Transcriptomic response to ISAV infection in the gills, head kidney and spleen of resistant and susceptible Atlantic salmon
Background Infectious Salmon Anaemia virus (ISAV) is an orthomyxovirus responsible for large losses in Atlantic salmon ( Salmo salar ) aquaculture. Current available treatments and vaccines are not fully effective, and therefore selective breeding to produce ISAV-resistant strains of Atlantic salmon is a high priority for the industry. Genomic selection and potentially genome editing can be applied to enhance the disease resistance of aquaculture stocks, and both approaches can benefit from increased knowledge on the genomic mechanisms of resistance to ISAV. To improve our understanding of the mechanisms underlying resistance to ISAV in Atlantic salmon we performed a transcriptomic study in ISAV-infected salmon with contrasting levels of resistance to this virus. Results Three different tissues (gills, head kidney and spleen) were collected on 12 resistant and 12 susceptible fish at three timepoints (pre-challenge, 7 and 14 days post challenge) and RNA sequenced. The transcriptomes of infected and non-infected fish and of resistant and susceptible fish were compared at each timepoint. The results show that the responses to ISAV are organ-specific; an important response to the infection was observed in the head kidney, with up-regulation of immune processes such as interferon and NLR pathways, while in gills and spleen the response was more moderate. In addition to immune related genes, our results suggest that other processes such as ubiquitination and ribosomal processing are important during early infection with ISAV. Moreover, the comparison between resistant and susceptible fish has also highlighted some interesting genes related to ubiquitination, intracellular transport and the inflammasome.
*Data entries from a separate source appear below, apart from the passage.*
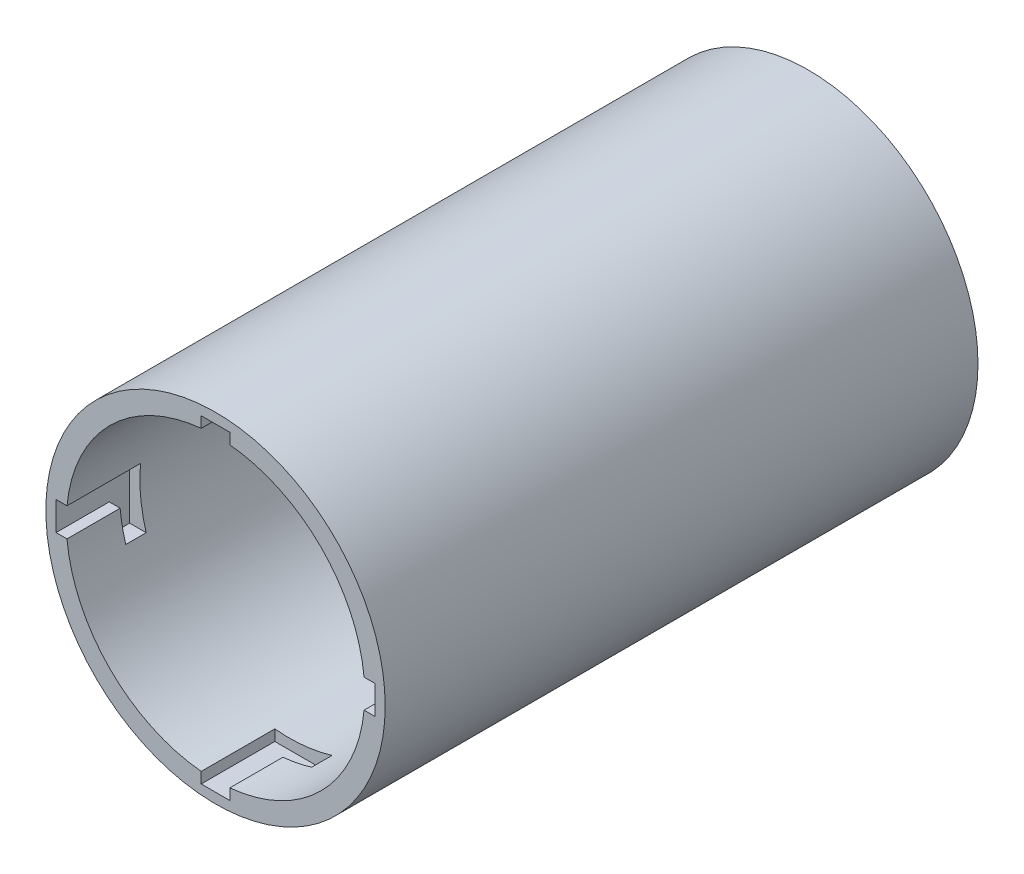
ISO-10303-21;
HEADER;
FILE_DESCRIPTION(('STEP AP214'),'2;1');
FILE_NAME('part.step','',(''),(''),'','','');
FILE_SCHEMA(('AUTOMOTIVE_DESIGN { 1 0 10303 214 1 1 1 1 }'));
ENDSEC;
DATA;
#1=APPLICATION_CONTEXT('core data for automotive mechanical design processes');
#2=APPLICATION_PROTOCOL_DEFINITION('international standard','automotive_design',2000,#1);
#3=PRODUCT_CONTEXT('',#1,'mechanical');
#4=PRODUCT('Part','Part','',(#3));
#5=PRODUCT_RELATED_PRODUCT_CATEGORY('part','',(#4));
#6=PRODUCT_DEFINITION_FORMATION('','',#4);
#7=PRODUCT_DEFINITION_CONTEXT('part definition',#1,'design');
#8=PRODUCT_DEFINITION('design','',#6,#7);
#9=PRODUCT_DEFINITION_SHAPE('','',#8);
#10=(LENGTH_UNIT() NAMED_UNIT(*) SI_UNIT(.MILLI.,.METRE.));
#11=(NAMED_UNIT(*) PLANE_ANGLE_UNIT() SI_UNIT($,.RADIAN.));
#12=(NAMED_UNIT(*) SI_UNIT($,.STERADIAN.) SOLID_ANGLE_UNIT());
#13=UNCERTAINTY_MEASURE_WITH_UNIT(LENGTH_MEASURE(1.E-05),#10,'distance_accuracy_value','');
#14=(GEOMETRIC_REPRESENTATION_CONTEXT(3) GLOBAL_UNCERTAINTY_ASSIGNED_CONTEXT((#13)) GLOBAL_UNIT_ASSIGNED_CONTEXT((#10,
#11,#12)) REPRESENTATION_CONTEXT('',''));
#15=CARTESIAN_POINT('',(0.,0.,0.));
#16=DIRECTION('',(0.,0.,1.));
#17=DIRECTION('',(1.,0.,0.));
#18=AXIS2_PLACEMENT_3D('',#15,#16,#17);
#19=CARTESIAN_POINT('',(0.,0.,140.));
#20=DIRECTION('',(0.,0.,1.));
#21=DIRECTION('',(1.,0.,0.));
#22=AXIS2_PLACEMENT_3D('',#19,#20,#21);
#23=PLANE('',#22);
#24=DIRECTION('',(1.,0.,0.));
#25=VECTOR('',#24,1.);
#26=CARTESIAN_POINT('',(-39.,-3.50000000000002,140.));
#27=LINE('',#26,#25);
#28=CARTESIAN_POINT('',(-39.,-3.50000000000002,140.));
#29=VERTEX_POINT('',#28);
#30=CARTESIAN_POINT('',(-36.3318042491699,-3.50000000000002,140.));
#31=VERTEX_POINT('',#30);
#32=EDGE_CURVE('E250',#29,#31,#27,.T.);
#33=ORIENTED_EDGE('',*,*,#32,.F.);
#34=DIRECTION('',(0.,-1.,0.));
#35=VECTOR('',#34,1.);
#36=CARTESIAN_POINT('',(-39.,-3.50000000000002,140.));
#37=LINE('',#36,#35);
#38=CARTESIAN_POINT('',(-39.,3.49999999999999,140.));
#39=VERTEX_POINT('',#38);
#40=EDGE_CURVE('E219',#39,#29,#37,.T.);
#41=ORIENTED_EDGE('',*,*,#40,.F.);
#42=DIRECTION('',(1.,0.,0.));
#43=VECTOR('',#42,1.);
#44=CARTESIAN_POINT('',(-39.,3.49999999999999,140.));
#45=LINE('',#44,#43);
#46=CARTESIAN_POINT('',(-36.3318042491699,3.49999999999999,140.));
#47=VERTEX_POINT('',#46);
#48=EDGE_CURVE('E208',#39,#47,#45,.T.);
#49=ORIENTED_EDGE('',*,*,#48,.T.);
#50=CARTESIAN_POINT('',(0.,0.,140.));
#51=DIRECTION('',(0.,0.,1.));
#52=DIRECTION('',(1.,0.,0.));
#53=AXIS2_PLACEMENT_3D('',#50,#51,#52);
#54=CIRCLE('',#53,36.5);
#55=CARTESIAN_POINT('',(-3.5,36.3318042491699,140.));
#56=VERTEX_POINT('',#55);
#57=EDGE_CURVE('E487',#56,#47,#54,.T.);
#58=ORIENTED_EDGE('',*,*,#57,.F.);
#59=DIRECTION('',(0.,-1.,0.));
#60=VECTOR('',#59,1.);
#61=CARTESIAN_POINT('',(-3.5,39.,140.));
#62=LINE('',#61,#60);
#63=CARTESIAN_POINT('',(-3.5,39.,140.));
#64=VERTEX_POINT('',#63);
#65=EDGE_CURVE('E280',#64,#56,#62,.T.);
#66=ORIENTED_EDGE('',*,*,#65,.F.);
#67=DIRECTION('',(1.,0.,0.));
#68=VECTOR('',#67,1.);
#69=CARTESIAN_POINT('',(-3.5,39.,140.));
#70=LINE('',#69,#68);
#71=CARTESIAN_POINT('',(3.5,39.,140.));
#72=VERTEX_POINT('',#71);
#73=EDGE_CURVE('E267',#64,#72,#70,.T.);
#74=ORIENTED_EDGE('',*,*,#73,.T.);
#75=DIRECTION('',(0.,-1.,0.));
#76=VECTOR('',#75,1.);
#77=CARTESIAN_POINT('',(3.5,39.,140.));
#78=LINE('',#77,#76);
#79=CARTESIAN_POINT('',(3.5,36.3318042491699,140.));
#80=VERTEX_POINT('',#79);
#81=EDGE_CURVE('E276',#72,#80,#78,.T.);
#82=ORIENTED_EDGE('',*,*,#81,.T.);
#83=CARTESIAN_POINT('',(36.3270848343547,3.54864867768001,140.));
#84=VERTEX_POINT('',#83);
#85=EDGE_CURVE('E401',#84,#80,#54,.T.);
#86=ORIENTED_EDGE('',*,*,#85,.F.);
#87=DIRECTION('',(-1.,0.,0.));
#88=VECTOR('',#87,1.);
#89=CARTESIAN_POINT('',(39.,3.54864867768001,140.));
#90=LINE('',#89,#88);
#91=CARTESIAN_POINT('',(39.,3.54864867768001,140.));
#92=VERTEX_POINT('',#91);
#93=EDGE_CURVE('E330',#92,#84,#90,.T.);
#94=ORIENTED_EDGE('',*,*,#93,.F.);
#95=DIRECTION('',(0.,-1.,0.));
#96=VECTOR('',#95,1.);
#97=CARTESIAN_POINT('',(39.,-3.45135132231999,140.));
#98=LINE('',#97,#96);
#99=CARTESIAN_POINT('',(39.,-3.45135132231999,140.));
#100=VERTEX_POINT('',#99);
#101=EDGE_CURVE('E302',#92,#100,#98,.T.);
#102=ORIENTED_EDGE('',*,*,#101,.T.);
#103=DIRECTION('',(-1.,0.,0.));
#104=VECTOR('',#103,1.);
#105=CARTESIAN_POINT('',(39.,-3.45135132231999,140.));
#106=LINE('',#105,#104);
#107=CARTESIAN_POINT('',(36.3364579183211,-3.45135132231999,140.));
#108=VERTEX_POINT('',#107);
#109=EDGE_CURVE('E326',#100,#108,#106,.T.);
#110=ORIENTED_EDGE('',*,*,#109,.T.);
#111=CARTESIAN_POINT('',(3.5,-36.3318042491699,140.));
#112=VERTEX_POINT('',#111);
#113=EDGE_CURVE('E396',#112,#108,#54,.T.);
#114=ORIENTED_EDGE('',*,*,#113,.F.);
#115=DIRECTION('',(0.,1.,0.));
#116=VECTOR('',#115,1.);
#117=CARTESIAN_POINT('',(3.5,-39.,140.));
#118=LINE('',#117,#116);
#119=CARTESIAN_POINT('',(3.5,-39.,140.));
#120=VERTEX_POINT('',#119);
#121=EDGE_CURVE('E375',#120,#112,#118,.T.);
#122=ORIENTED_EDGE('',*,*,#121,.F.);
#123=DIRECTION('',(1.,0.,0.));
#124=VECTOR('',#123,1.);
#125=CARTESIAN_POINT('',(-3.5,-39.,140.));
#126=LINE('',#125,#124);
#127=CARTESIAN_POINT('',(-3.5,-39.,140.));
#128=VERTEX_POINT('',#127);
#129=EDGE_CURVE('E345',#128,#120,#126,.T.);
#130=ORIENTED_EDGE('',*,*,#129,.F.);
#131=DIRECTION('',(0.,1.,0.));
#132=VECTOR('',#131,1.);
#133=CARTESIAN_POINT('',(-3.5,-39.,140.));
#134=LINE('',#133,#132);
#135=CARTESIAN_POINT('',(-3.5,-36.3318042491699,140.));
#136=VERTEX_POINT('',#135);
#137=EDGE_CURVE('E378',#128,#136,#134,.T.);
#138=ORIENTED_EDGE('',*,*,#137,.T.);
#139=EDGE_CURVE('E402',#31,#136,#54,.T.);
#140=ORIENTED_EDGE('',*,*,#139,.F.);
#141=EDGE_LOOP('',(#33,#41,#49,#58,#66,#74,#82,#86,#94,#102,#110,#114,#122,#130,#138,#140));
#142=FACE_BOUND('',#141,.T.);
#143=CARTESIAN_POINT('',(0.,0.,140.));
#144=DIRECTION('',(0.,0.,1.));
#145=DIRECTION('',(1.,0.,0.));
#146=AXIS2_PLACEMENT_3D('',#143,#144,#145);
#147=CIRCLE('',#146,41.5);
#148=CARTESIAN_POINT('',(41.5,0.,140.));
#149=VERTEX_POINT('',#148);
#150=EDGE_CURVE('E400',#149,#149,#147,.T.);
#151=ORIENTED_EDGE('',*,*,#150,.T.);
#152=EDGE_LOOP('',(#151));
#153=FACE_BOUND('',#152,.T.);
#154=ADVANCED_FACE('F39',(#142,#153),#23,.T.);
#155=CARTESIAN_POINT('',(0.,0.,140.));
#156=DIRECTION('',(0.,0.,-1.));
#157=DIRECTION('',(-1.,0.,0.));
#158=AXIS2_PLACEMENT_3D('',#155,#156,#157);
#159=CYLINDRICAL_SURFACE('',#158,36.5);
#160=DIRECTION('',(0.,0.,-1.));
#161=VECTOR('',#160,1.);
#162=CARTESIAN_POINT('',(-36.3318042491699,-3.50000000000002,140.));
#163=LINE('',#162,#161);
#164=CARTESIAN_POINT('',(-36.3318042491699,-3.50000000000001,127.));
#165=VERTEX_POINT('',#164);
#166=EDGE_CURVE('E11',#31,#165,#163,.T.);
#167=ORIENTED_EDGE('',*,*,#166,.F.);
#168=ORIENTED_EDGE('',*,*,#139,.T.);
#169=DIRECTION('',(0.,0.,-1.));
#170=VECTOR('',#169,1.);
#171=CARTESIAN_POINT('',(-3.5,-36.3318042491699,140.));
#172=LINE('',#171,#170);
#173=CARTESIAN_POINT('',(-3.5,-36.3318042491699,122.));
#174=VERTEX_POINT('',#173);
#175=EDGE_CURVE('E409',#174,#136,#172,.F.);
#176=ORIENTED_EDGE('',*,*,#175,.F.);
#177=CARTESIAN_POINT('',(0.,0.,122.));
#178=DIRECTION('',(0.,0.,-1.));
#179=DIRECTION('',(-1.,0.,0.));
#180=AXIS2_PLACEMENT_3D('',#177,#178,#179);
#181=CIRCLE('',#180,36.5);
#182=CARTESIAN_POINT('',(10.5,-34.9571165858971,122.));
#183=VERTEX_POINT('',#182);
#184=EDGE_CURVE('E413',#183,#174,#181,.T.);
#185=ORIENTED_EDGE('',*,*,#184,.F.);
#186=DIRECTION('',(0.,0.,-1.));
#187=VECTOR('',#186,1.);
#188=CARTESIAN_POINT('',(10.5,-34.9571165858971,140.));
#189=LINE('',#188,#187);
#190=CARTESIAN_POINT('',(10.5,-34.9571165858971,127.));
#191=VERTEX_POINT('',#190);
#192=EDGE_CURVE('E417',#191,#183,#189,.T.);
#193=ORIENTED_EDGE('',*,*,#192,.F.);
#194=CARTESIAN_POINT('',(0.,0.,127.));
#195=DIRECTION('',(0.,0.,1.));
#196=DIRECTION('',(1.,0.,0.));
#197=AXIS2_PLACEMENT_3D('',#194,#195,#196);
#198=CIRCLE('',#197,36.5);
#199=CARTESIAN_POINT('',(3.5,-36.3318042491699,127.));
#200=VERTEX_POINT('',#199);
#201=EDGE_CURVE('E420',#200,#191,#198,.T.);
#202=ORIENTED_EDGE('',*,*,#201,.F.);
#203=DIRECTION('',(0.,0.,-1.));
#204=VECTOR('',#203,1.);
#205=CARTESIAN_POINT('',(3.5,-36.3318042491699,140.));
#206=LINE('',#205,#204);
#207=EDGE_CURVE('E423',#112,#200,#206,.T.);
#208=ORIENTED_EDGE('',*,*,#207,.F.);
#209=ORIENTED_EDGE('',*,*,#113,.T.);
#210=DIRECTION('',(0.,0.,-1.));
#211=VECTOR('',#210,1.);
#212=CARTESIAN_POINT('',(36.3364579183211,-3.45135132231999,140.));
#213=LINE('',#212,#211);
#214=CARTESIAN_POINT('',(36.3364579183211,-3.45135132231999,122.));
#215=VERTEX_POINT('',#214);
#216=EDGE_CURVE('E434',#108,#215,#213,.T.);
#217=ORIENTED_EDGE('',*,*,#216,.T.);
#218=CARTESIAN_POINT('',(0.,0.,122.));
#219=DIRECTION('',(0.,0.,1.));
#220=DIRECTION('',(1.,0.,0.));
#221=AXIS2_PLACEMENT_3D('',#218,#219,#220);
#222=CIRCLE('',#221,36.5);
#223=CARTESIAN_POINT('',(34.9424671578136,10.54864867768,122.));
#224=VERTEX_POINT('',#223);
#225=EDGE_CURVE('E430',#215,#224,#222,.T.);
#226=ORIENTED_EDGE('',*,*,#225,.T.);
#227=DIRECTION('',(0.,0.,-1.));
#228=VECTOR('',#227,1.);
#229=CARTESIAN_POINT('',(34.9424671578136,10.54864867768,140.));
#230=LINE('',#229,#228);
#231=CARTESIAN_POINT('',(34.9424671578136,10.54864867768,127.));
#232=VERTEX_POINT('',#231);
#233=EDGE_CURVE('E426',#224,#232,#230,.F.);
#234=ORIENTED_EDGE('',*,*,#233,.T.);
#235=CARTESIAN_POINT('',(0.,0.,127.));
#236=DIRECTION('',(0.,0.,-1.));
#237=DIRECTION('',(-1.,0.,0.));
#238=AXIS2_PLACEMENT_3D('',#235,#236,#237);
#239=CIRCLE('',#238,36.5);
#240=CARTESIAN_POINT('',(36.3270848343547,3.54864867768001,127.));
#241=VERTEX_POINT('',#240);
#242=EDGE_CURVE('E438',#232,#241,#239,.T.);
#243=ORIENTED_EDGE('',*,*,#242,.T.);
#244=DIRECTION('',(0.,0.,-1.));
#245=VECTOR('',#244,1.);
#246=CARTESIAN_POINT('',(36.3270848343547,3.54864867768001,140.));
#247=LINE('',#246,#245);
#248=EDGE_CURVE('E442',#241,#84,#247,.F.);
#249=ORIENTED_EDGE('',*,*,#248,.T.);
#250=ORIENTED_EDGE('',*,*,#85,.T.);
#251=DIRECTION('',(0.,0.,-1.));
#252=VECTOR('',#251,1.);
#253=CARTESIAN_POINT('',(3.5,36.3318042491699,140.));
#254=LINE('',#253,#252);
#255=CARTESIAN_POINT('',(3.5,36.3318042491699,122.));
#256=VERTEX_POINT('',#255);
#257=EDGE_CURVE('E446',#80,#256,#254,.T.);
#258=ORIENTED_EDGE('',*,*,#257,.T.);
#259=CARTESIAN_POINT('',(0.,0.,122.));
#260=DIRECTION('',(0.,0.,1.));
#261=DIRECTION('',(1.,0.,0.));
#262=AXIS2_PLACEMENT_3D('',#259,#260,#261);
#263=CIRCLE('',#262,36.5);
#264=CARTESIAN_POINT('',(-10.5,34.9571165858971,122.));
#265=VERTEX_POINT('',#264);
#266=EDGE_CURVE('E450',#256,#265,#263,.T.);
#267=ORIENTED_EDGE('',*,*,#266,.T.);
#268=DIRECTION('',(0.,0.,-1.));
#269=VECTOR('',#268,1.);
#270=CARTESIAN_POINT('',(-10.5,34.9571165858971,140.));
#271=LINE('',#270,#269);
#272=CARTESIAN_POINT('',(-10.5,34.9571165858971,127.));
#273=VERTEX_POINT('',#272);
#274=EDGE_CURVE('E454',#265,#273,#271,.F.);
#275=ORIENTED_EDGE('',*,*,#274,.T.);
#276=CARTESIAN_POINT('',(0.,0.,127.));
#277=DIRECTION('',(0.,0.,-1.));
#278=DIRECTION('',(-1.,0.,0.));
#279=AXIS2_PLACEMENT_3D('',#276,#277,#278);
#280=CIRCLE('',#279,36.5);
#281=CARTESIAN_POINT('',(-3.5,36.3318042491699,127.));
#282=VERTEX_POINT('',#281);
#283=EDGE_CURVE('E458',#273,#282,#280,.T.);
#284=ORIENTED_EDGE('',*,*,#283,.T.);
#285=DIRECTION('',(0.,0.,-1.));
#286=VECTOR('',#285,1.);
#287=CARTESIAN_POINT('',(-3.5,36.3318042491699,140.));
#288=LINE('',#287,#286);
#289=EDGE_CURVE('E462',#282,#56,#288,.F.);
#290=ORIENTED_EDGE('',*,*,#289,.T.);
#291=ORIENTED_EDGE('',*,*,#57,.T.);
#292=DIRECTION('',(0.,0.,-1.));
#293=VECTOR('',#292,1.);
#294=CARTESIAN_POINT('',(-36.3318042491699,3.49999999999999,140.));
#295=LINE('',#294,#293);
#296=CARTESIAN_POINT('',(-36.3318042491699,3.49999999999999,122.));
#297=VERTEX_POINT('',#296);
#298=EDGE_CURVE('E466',#297,#47,#295,.F.);
#299=ORIENTED_EDGE('',*,*,#298,.F.);
#300=CARTESIAN_POINT('',(0.,0.,122.));
#301=DIRECTION('',(0.,0.,-1.));
#302=DIRECTION('',(-1.,0.,0.));
#303=AXIS2_PLACEMENT_3D('',#300,#301,#302);
#304=CIRCLE('',#303,36.5);
#305=CARTESIAN_POINT('',(-34.9571165858971,-10.5,122.));
#306=VERTEX_POINT('',#305);
#307=EDGE_CURVE('E205',#306,#297,#304,.T.);
#308=ORIENTED_EDGE('',*,*,#307,.F.);
#309=DIRECTION('',(0.,0.,-1.));
#310=VECTOR('',#309,1.);
#311=CARTESIAN_POINT('',(-34.9571165858971,-10.5,140.));
#312=LINE('',#311,#310);
#313=CARTESIAN_POINT('',(-34.9571165858971,-10.5,127.));
#314=VERTEX_POINT('',#313);
#315=EDGE_CURVE('E471',#314,#306,#312,.T.);
#316=ORIENTED_EDGE('',*,*,#315,.F.);
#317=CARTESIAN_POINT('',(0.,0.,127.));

Conclusions Atlantic salmon infection by ISAV revealed an organ-specific response, implying differential function during the infection. An immune response was observed in the head kidney in these early timepoints, while gills and spleen showed modest responses in comparison. Comparison between resistance and susceptible samples have highlighted genes of interest for further studies, for instance those related to ubiquitination or the inflammasome.